Fifteen years ago, Quiroga et al.1 discovered that the human brain possesses multimodal neurons. These neurons respond to clusters of abstract concepts centered around a common high-level theme, rather than any specific visual feature. The most famous of these was the “Halle Berry” neuron, a neuron featured in both Scientific American⁠ and The New York Times⁠, that responds to photographs, sketches, and the text “Halle Berry” (but not other names).

Two months ago, OpenAI announced CLIP⁠, a general-purpose vision system that matches the performance of a ResNet-50,2 but outperforms existing vision systems on some of the most challenging datasets. Each of these challenge datasets, ObjectNet, ImageNet Rendition, and ImageNet Sketch, stress tests the model’s robustness to not recognizing not just simple distortions or changes in lighting or pose, but also to complete abstraction and reconstruction—sketches, cartoons, and even statues of the objects.
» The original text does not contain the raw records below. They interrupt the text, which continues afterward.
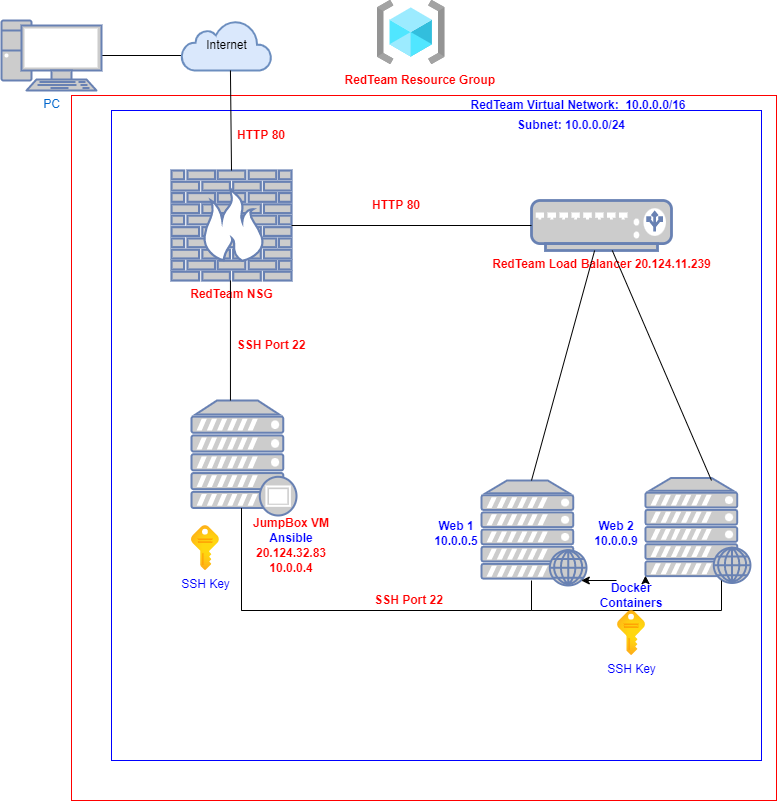

The diagram above was exported from draw.io. Its source (the exported page's mxGraphModel, read from the mxfile embedded in the PNG):
<mxGraphModel dx="3076" dy="794" grid="1" gridSize="10" guides="1" tooltips="1" connect="1" arrows="1" fold="1" page="1" pageScale="1" pageWidth="827" pageHeight="1169" math="0" shadow="0">
  <root>
    <mxCell id="WIyWlLk6GJQsqaUBKTNV-0" />
    <mxCell id="WIyWlLk6GJQsqaUBKTNV-1" parent="WIyWlLk6GJQsqaUBKTNV-0" />
    <mxCell id="BEAX8A-z74AEy2Nn5NUE-5" value="" style="edgeStyle=orthogonalEdgeStyle;rounded=0;orthogonalLoop=1;jettySize=auto;html=1;" edge="1" parent="WIyWlLk6GJQsqaUBKTNV-1" source="BEAX8A-z74AEy2Nn5NUE-0">
      <mxGeometry relative="1" as="geometry">
        <mxPoint x="-1420" y="115" as="targetPoint" />
      </mxGeometry>
    </mxCell>
    <mxCell id="BEAX8A-z74AEy2Nn5NUE-0" value="PC&lt;br&gt;" style="fontColor=#0066CC;verticalAlign=top;verticalLabelPosition=bottom;labelPosition=center;align=center;html=1;outlineConnect=0;fillColor=#CCCCCC;strokeColor=#6881B3;gradientColor=none;gradientDirection=north;strokeWidth=2;shape=mxgraph.networks.pc;" vertex="1" parent="WIyWlLk6GJQsqaUBKTNV-1">
      <mxGeometry x="-1610" y="80" width="100" height="70" as="geometry" />
    </mxCell>
    <mxCell id="BEAX8A-z74AEy2Nn5NUE-1" value="Internet" style="html=1;outlineConnect=0;fillColor=#dae8fc;strokeColor=#6c8ebf;gradientDirection=north;strokeWidth=2;shape=mxgraph.networks.cloud;" vertex="1" parent="WIyWlLk6GJQsqaUBKTNV-1">
      <mxGeometry x="-1430" y="80" width="90" height="50" as="geometry" />
    </mxCell>
    <mxCell id="BEAX8A-z74AEy2Nn5NUE-6" value="" style="whiteSpace=wrap;html=1;aspect=fixed;fillColor=none;strokeColor=#FF0000;gradientColor=#ffffff;" vertex="1" parent="WIyWlLk6GJQsqaUBKTNV-1">
      <mxGeometry x="-1540" y="155" width="705" height="705" as="geometry" />
    </mxCell>
    <mxCell id="BEAX8A-z74AEy2Nn5NUE-7" value="" style="whiteSpace=wrap;html=1;aspect=fixed;strokeColor=#0000FF;fillColor=none;gradientColor=#ffffff;" vertex="1" parent="WIyWlLk6GJQsqaUBKTNV-1">
      <mxGeometry x="-1500" y="170" width="650" height="650" as="geometry" />
    </mxCell>
    <mxCell id="BEAX8A-z74AEy2Nn5NUE-9" value="&lt;b&gt;&lt;font color=&quot;#ff0000&quot;&gt;RedTeam Resource Group&amp;nbsp;&lt;/font&gt;&lt;/b&gt;" style="text;html=1;align=center;verticalAlign=middle;resizable=0;points=[];autosize=1;strokeColor=none;fillColor=none;" vertex="1" parent="WIyWlLk6GJQsqaUBKTNV-1">
      <mxGeometry x="-1275" y="130" width="170" height="20" as="geometry" />
    </mxCell>
    <mxCell id="BEAX8A-z74AEy2Nn5NUE-10" value="&lt;b&gt;&lt;font color=&quot;#ff0000&quot;&gt;RedTeam NSG&lt;/font&gt;&lt;/b&gt;" style="fontColor=#0066CC;verticalAlign=top;verticalLabelPosition=bottom;labelPosition=center;align=center;html=1;outlineConnect=0;fillColor=#CCCCCC;strokeColor=#6881B3;gradientColor=none;gradientDirection=north;strokeWidth=2;shape=mxgraph.networks.firewall;" vertex="1" parent="WIyWlLk6GJQsqaUBKTNV-1">
      <mxGeometry x="-1440" y="230" width="120" height="110" as="geometry" />
    </mxCell>
    <mxCell id="BEAX8A-z74AEy2Nn5NUE-12" value="&lt;b&gt;&lt;font color=&quot;#ff0000&quot;&gt;RedTeam Load Balancer 20.124.11.239&lt;/font&gt;&lt;/b&gt;" style="fontColor=#0066CC;verticalAlign=top;verticalLabelPosition=bottom;labelPosition=center;align=center;html=1;outlineConnect=0;fillColor=#CCCCCC;strokeColor=#6881B3;gradientColor=none;gradientDirection=north;strokeWidth=2;shape=mxgraph.networks.load_balancer;" vertex="1" parent="WIyWlLk6GJQsqaUBKTNV-1">
      <mxGeometry x="-1080" y="260" width="140" height="50" as="geometry" />
    </mxCell>
    <mxCell id="BEAX8A-z74AEy2Nn5NUE-13" value="" style="fontColor=#0066CC;verticalAlign=top;verticalLabelPosition=bottom;labelPosition=center;align=center;html=1;outlineConnect=0;fillColor=#CCCCCC;strokeColor=#6881B3;gradientColor=none;gradientDirection=north;strokeWidth=2;shape=mxgraph.networks.web_server;" vertex="1" parent="WIyWlLk6GJQsqaUBKTNV-1">
      <mxGeometry x="-966.05" y="537.5" width="105" height="105" as="geometry" />
    </mxCell>
    <mxCell id="BEAX8A-z74AEy2Nn5NUE-14" value="" style="fontColor=#0066CC;verticalAlign=top;verticalLabelPosition=bottom;labelPosition=center;align=center;html=1;outlineConnect=0;fillColor=#CCCCCC;strokeColor=#6881B3;gradientColor=none;gradientDirection=north;strokeWidth=2;shape=mxgraph.networks.web_server;" vertex="1" parent="WIyWlLk6GJQsqaUBKTNV-1">
      <mxGeometry x="-1130" y="540" width="105" height="105" as="geometry" />
    </mxCell>
    <mxCell id="BEAX8A-z74AEy2Nn5NUE-22" value="" style="fontColor=#0066CC;verticalAlign=top;verticalLabelPosition=bottom;labelPosition=center;align=center;html=1;outlineConnect=0;fillColor=#CCCCCC;strokeColor=#6881B3;gradientColor=none;gradientDirection=north;strokeWidth=2;shape=mxgraph.networks.proxy_server;" vertex="1" parent="WIyWlLk6GJQsqaUBKTNV-1">
      <mxGeometry x="-1420" y="460" width="105" height="115" as="geometry" />
    </mxCell>
    <mxCell id="BEAX8A-z74AEy2Nn5NUE-28" value="&lt;b&gt;&lt;font color=&quot;#0000ff&quot;&gt;RedTeam Virtual Network:&amp;nbsp; 10.0.0.0/16&lt;/font&gt;&lt;/b&gt;" style="text;html=1;strokeColor=none;fillColor=none;align=center;verticalAlign=middle;whiteSpace=wrap;rounded=0;fontColor=#FF0000;" vertex="1" parent="WIyWlLk6GJQsqaUBKTNV-1">
      <mxGeometry x="-1166.25" y="150" width="266.25" height="30" as="geometry" />
    </mxCell>
    <mxCell id="BEAX8A-z74AEy2Nn5NUE-29" value="&lt;b&gt;20.124.32.83&lt;/b&gt;&lt;br&gt;&lt;b&gt;10.0.0.4&lt;/b&gt;" style="text;html=1;strokeColor=none;fillColor=none;align=center;verticalAlign=middle;whiteSpace=wrap;rounded=0;fontColor=#FF0000;" vertex="1" parent="WIyWlLk6GJQsqaUBKTNV-1">
      <mxGeometry x="-1350" y="605" width="60" height="30" as="geometry" />
    </mxCell>
    <mxCell id="BEAX8A-z74AEy2Nn5NUE-30" value="&lt;b&gt;&lt;font color=&quot;#0000ff&quot;&gt;Subnet: 10.0.0.0/24&lt;/font&gt;&lt;/b&gt;" style="text;html=1;strokeColor=none;fillColor=none;align=center;verticalAlign=middle;whiteSpace=wrap;rounded=0;fontColor=#FF0000;" vertex="1" parent="WIyWlLk6GJQsqaUBKTNV-1">
      <mxGeometry x="-1140" y="170" width="200" height="30" as="geometry" />
    </mxCell>
    <mxCell id="BEAX8A-z74AEy2Nn5NUE-39" value="" style="endArrow=none;html=1;rounded=0;fontColor=#0000FF;" edge="1" parent="WIyWlLk6GJQsqaUBKTNV-1">
      <mxGeometry width="50" height="50" relative="1" as="geometry">
        <mxPoint x="-1080" y="670" as="sourcePoint" />
        <mxPoint x="-1080" y="640" as="targetPoint" />
        <Array as="points">
          <mxPoint x="-1370" y="670" />
          <mxPoint x="-1080" y="670" />
        </Array>
      </mxGeometry>
    </mxCell>
    <mxCell id="BEAX8A-z74AEy2Nn5NUE-40" value="" style="endArrow=none;html=1;rounded=0;fontColor=#0000FF;" edge="1" parent="WIyWlLk6GJQsqaUBKTNV-1">
      <mxGeometry width="50" height="50" relative="1" as="geometry">
        <mxPoint x="-1080" y="670" as="sourcePoint" />
        <mxPoint x="-890" y="640" as="targetPoint" />
        <Array as="points">
          <mxPoint x="-890" y="670" />
        </Array>
      </mxGeometry>
    </mxCell>
    <mxCell id="BEAX8A-z74AEy2Nn5NUE-41" value="" style="endArrow=none;html=1;rounded=0;fontColor=#0000FF;" edge="1" parent="WIyWlLk6GJQsqaUBKTNV-1">
      <mxGeometry width="50" height="50" relative="1" as="geometry">
        <mxPoint x="-1370" y="670" as="sourcePoint" />
        <mxPoint x="-1370" y="567.5" as="targetPoint" />
      </mxGeometry>
    </mxCell>
    <mxCell id="BEAX8A-z74AEy2Nn5NUE-42" value="&lt;b&gt;Web 1 10.0.0.5&lt;br&gt;&lt;/b&gt;" style="text;html=1;strokeColor=none;fillColor=none;align=center;verticalAlign=middle;whiteSpace=wrap;rounded=0;fontColor=#0000FF;" vertex="1" parent="WIyWlLk6GJQsqaUBKTNV-1">
      <mxGeometry x="-1185" y="577.5" width="60" height="30" as="geometry" />
    </mxCell>
    <mxCell id="BEAX8A-z74AEy2Nn5NUE-43" value="&lt;b&gt;Web 2 10.0.0.9&lt;/b&gt;" style="text;html=1;strokeColor=none;fillColor=none;align=center;verticalAlign=middle;whiteSpace=wrap;rounded=0;fontColor=#0000FF;" vertex="1" parent="WIyWlLk6GJQsqaUBKTNV-1">
      <mxGeometry x="-1025" y="577.5" width="60" height="30" as="geometry" />
    </mxCell>
    <mxCell id="BEAX8A-z74AEy2Nn5NUE-44" value="" style="endArrow=none;html=1;rounded=0;fontColor=#0000FF;" edge="1" parent="WIyWlLk6GJQsqaUBKTNV-1" target="BEAX8A-z74AEy2Nn5NUE-12">
      <mxGeometry width="50" height="50" relative="1" as="geometry">
        <mxPoint x="-1080" y="540" as="sourcePoint" />
        <mxPoint x="-1030" y="490" as="targetPoint" />
      </mxGeometry>
    </mxCell>
    <mxCell id="BEAX8A-z74AEy2Nn5NUE-45" value="" style="endArrow=none;html=1;rounded=0;fontColor=#0000FF;" edge="1" parent="WIyWlLk6GJQsqaUBKTNV-1" target="BEAX8A-z74AEy2Nn5NUE-12">
      <mxGeometry width="50" height="50" relative="1" as="geometry">
        <mxPoint x="-900" y="540" as="sourcePoint" />
        <mxPoint x="-850" y="490" as="targetPoint" />
      </mxGeometry>
    </mxCell>
    <mxCell id="BEAX8A-z74AEy2Nn5NUE-47" value="" style="endArrow=none;html=1;rounded=0;fontColor=#0000FF;entryX=0;entryY=0.5;entryDx=0;entryDy=0;entryPerimeter=0;exitX=1;exitY=0.5;exitDx=0;exitDy=0;exitPerimeter=0;" edge="1" parent="WIyWlLk6GJQsqaUBKTNV-1" source="BEAX8A-z74AEy2Nn5NUE-10" target="BEAX8A-z74AEy2Nn5NUE-12">
      <mxGeometry width="50" height="50" relative="1" as="geometry">
        <mxPoint x="-1320" y="290" as="sourcePoint" />
        <mxPoint x="-1270" y="240" as="targetPoint" />
      </mxGeometry>
    </mxCell>
    <mxCell id="BEAX8A-z74AEy2Nn5NUE-48" value="&lt;b&gt;&lt;font color=&quot;#ff0000&quot;&gt;HTTP 80&lt;/font&gt;&lt;/b&gt;" style="text;html=1;strokeColor=none;fillColor=none;align=center;verticalAlign=middle;whiteSpace=wrap;rounded=0;fontColor=#0000FF;" vertex="1" parent="WIyWlLk6GJQsqaUBKTNV-1">
      <mxGeometry x="-1245" y="250" width="60" height="30" as="geometry" />
    </mxCell>
    <mxCell id="BEAX8A-z74AEy2Nn5NUE-49" value="&lt;b&gt;JumpBox VM&lt;br&gt;&lt;font color=&quot;#0000ff&quot;&gt;Ansible&lt;/font&gt;&lt;/b&gt;" style="text;html=1;strokeColor=none;fillColor=none;align=center;verticalAlign=middle;whiteSpace=wrap;rounded=0;fontColor=#FF0000;" vertex="1" parent="WIyWlLk6GJQsqaUBKTNV-1">
      <mxGeometry x="-1360" y="575" width="80" height="30" as="geometry" />
    </mxCell>
    <mxCell id="BEAX8A-z74AEy2Nn5NUE-51" style="edgeStyle=orthogonalEdgeStyle;rounded=0;orthogonalLoop=1;jettySize=auto;html=1;exitX=0.75;exitY=0;exitDx=0;exitDy=0;entryX=0;entryY=0.93;entryDx=0;entryDy=0;entryPerimeter=0;fontColor=#0000FF;" edge="1" parent="WIyWlLk6GJQsqaUBKTNV-1" source="BEAX8A-z74AEy2Nn5NUE-50" target="BEAX8A-z74AEy2Nn5NUE-13">
      <mxGeometry relative="1" as="geometry" />
    </mxCell>
    <mxCell id="BEAX8A-z74AEy2Nn5NUE-52" style="edgeStyle=orthogonalEdgeStyle;rounded=0;orthogonalLoop=1;jettySize=auto;html=1;exitX=0.25;exitY=0;exitDx=0;exitDy=0;entryX=0.95;entryY=0.95;entryDx=0;entryDy=0;entryPerimeter=0;fontColor=#0000FF;" edge="1" parent="WIyWlLk6GJQsqaUBKTNV-1" source="BEAX8A-z74AEy2Nn5NUE-50" target="BEAX8A-z74AEy2Nn5NUE-14">
      <mxGeometry relative="1" as="geometry" />
    </mxCell>
    <mxCell id="BEAX8A-z74AEy2Nn5NUE-50" value="&lt;b&gt;Docker Containers&lt;/b&gt;" style="text;html=1;strokeColor=none;fillColor=none;align=center;verticalAlign=middle;whiteSpace=wrap;rounded=0;fontColor=#0000FF;" vertex="1" parent="WIyWlLk6GJQsqaUBKTNV-1">
      <mxGeometry x="-1010" y="640" width="60" height="30" as="geometry" />
    </mxCell>
    <mxCell id="BEAX8A-z74AEy2Nn5NUE-53" value="" style="aspect=fixed;html=1;points=[];align=center;image;fontSize=12;image=img/lib/azure2/general/Resource_Groups.svg;fontColor=#0000FF;strokeColor=#0000FF;fillColor=none;gradientColor=#ffffff;" vertex="1" parent="WIyWlLk6GJQsqaUBKTNV-1">
      <mxGeometry x="-1234.25" y="60" width="68" height="64" as="geometry" />
    </mxCell>
    <mxCell id="BEAX8A-z74AEy2Nn5NUE-54" value="SSH Key&lt;br&gt;" style="aspect=fixed;html=1;points=[];align=center;image;fontSize=12;image=img/lib/azure2/general/Subscriptions.svg;fontColor=#0000FF;strokeColor=#0000FF;fillColor=none;gradientColor=#ffffff;" vertex="1" parent="WIyWlLk6GJQsqaUBKTNV-1">
      <mxGeometry x="-1420" y="585" width="27.89" height="45" as="geometry" />
    </mxCell>
    <mxCell id="BEAX8A-z74AEy2Nn5NUE-56" value="SSH Key&lt;br&gt;" style="aspect=fixed;html=1;points=[];align=center;image;fontSize=12;image=img/lib/azure2/general/Subscriptions.svg;fontColor=#0000FF;strokeColor=#0000FF;fillColor=none;gradientColor=#ffffff;" vertex="1" parent="WIyWlLk6GJQsqaUBKTNV-1">
      <mxGeometry x="-993.94" y="670" width="27.89" height="45" as="geometry" />
    </mxCell>
    <mxCell id="BEAX8A-z74AEy2Nn5NUE-58" value="&lt;b&gt;&lt;font color=&quot;#ff0000&quot;&gt;SSH Port 22&lt;/font&gt;&lt;/b&gt;" style="text;html=1;strokeColor=none;fillColor=none;align=center;verticalAlign=middle;whiteSpace=wrap;rounded=0;fontColor=#0000FF;" vertex="1" parent="WIyWlLk6GJQsqaUBKTNV-1">
      <mxGeometry x="-1245" y="645" width="85" height="30" as="geometry" />
    </mxCell>
    <mxCell id="BEAX8A-z74AEy2Nn5NUE-60" value="" style="endArrow=none;html=1;rounded=0;fontColor=#0000FF;exitX=0.371;exitY=0;exitDx=0;exitDy=0;exitPerimeter=0;" edge="1" parent="WIyWlLk6GJQsqaUBKTNV-1" source="BEAX8A-z74AEy2Nn5NUE-22">
      <mxGeometry width="50" height="50" relative="1" as="geometry">
        <mxPoint x="-1431.06" y="390" as="sourcePoint" />
        <mxPoint x="-1381.06" y="340" as="targetPoint" />
      </mxGeometry>
    </mxCell>
    <mxCell id="BEAX8A-z74AEy2Nn5NUE-61" value="&lt;b&gt;&lt;font color=&quot;#ff0000&quot;&gt;SSH Port 22&lt;/font&gt;&lt;/b&gt;" style="text;html=1;strokeColor=none;fillColor=none;align=center;verticalAlign=middle;whiteSpace=wrap;rounded=0;fontColor=#0000FF;" vertex="1" parent="WIyWlLk6GJQsqaUBKTNV-1">
      <mxGeometry x="-1380" y="390" width="80" height="30" as="geometry" />
    </mxCell>
    <mxCell id="BEAX8A-z74AEy2Nn5NUE-62" value="" style="endArrow=none;html=1;rounded=0;fontColor=#FF0000;exitX=0.5;exitY=0;exitDx=0;exitDy=0;exitPerimeter=0;" edge="1" parent="WIyWlLk6GJQsqaUBKTNV-1" source="BEAX8A-z74AEy2Nn5NUE-10">
      <mxGeometry width="50" height="50" relative="1" as="geometry">
        <mxPoint x="-1431.06" y="180" as="sourcePoint" />
        <mxPoint x="-1381.06" y="130" as="targetPoint" />
      </mxGeometry>
    </mxCell>
    <mxCell id="BEAX8A-z74AEy2Nn5NUE-63" value="&lt;b&gt;&lt;font color=&quot;#ff0000&quot;&gt;HTTP 80&lt;/font&gt;&lt;/b&gt;" style="text;html=1;strokeColor=none;fillColor=none;align=center;verticalAlign=middle;whiteSpace=wrap;rounded=0;fontColor=#0000FF;" vertex="1" parent="WIyWlLk6GJQsqaUBKTNV-1">
      <mxGeometry x="-1380" y="180" width="60" height="30" as="geometry" />
    </mxCell>
  </root>
</mxGraphModel>

Now, we’re releasing our discovery of the presence of multimodal neurons in CLIP. One such neuron, for example, is a “Spider-Man” neuron (bearing a remarkable resemblance to the “Halle Berry” neuron) that responds to an image of a spider, an image of the text “spider,” and the comic book character “Spider-Man” either in costume or illustrated.

Our discovery of multimodal neurons in CLIP gives us a clue as to what may be a common mechanism of both synthetic and natural vision systems—abstraction. We discover that the highest layers of CLIP organize images as a loose semantic collection of ideas, providing a simple explanation for both the model’s versatility and the representation’s compactness.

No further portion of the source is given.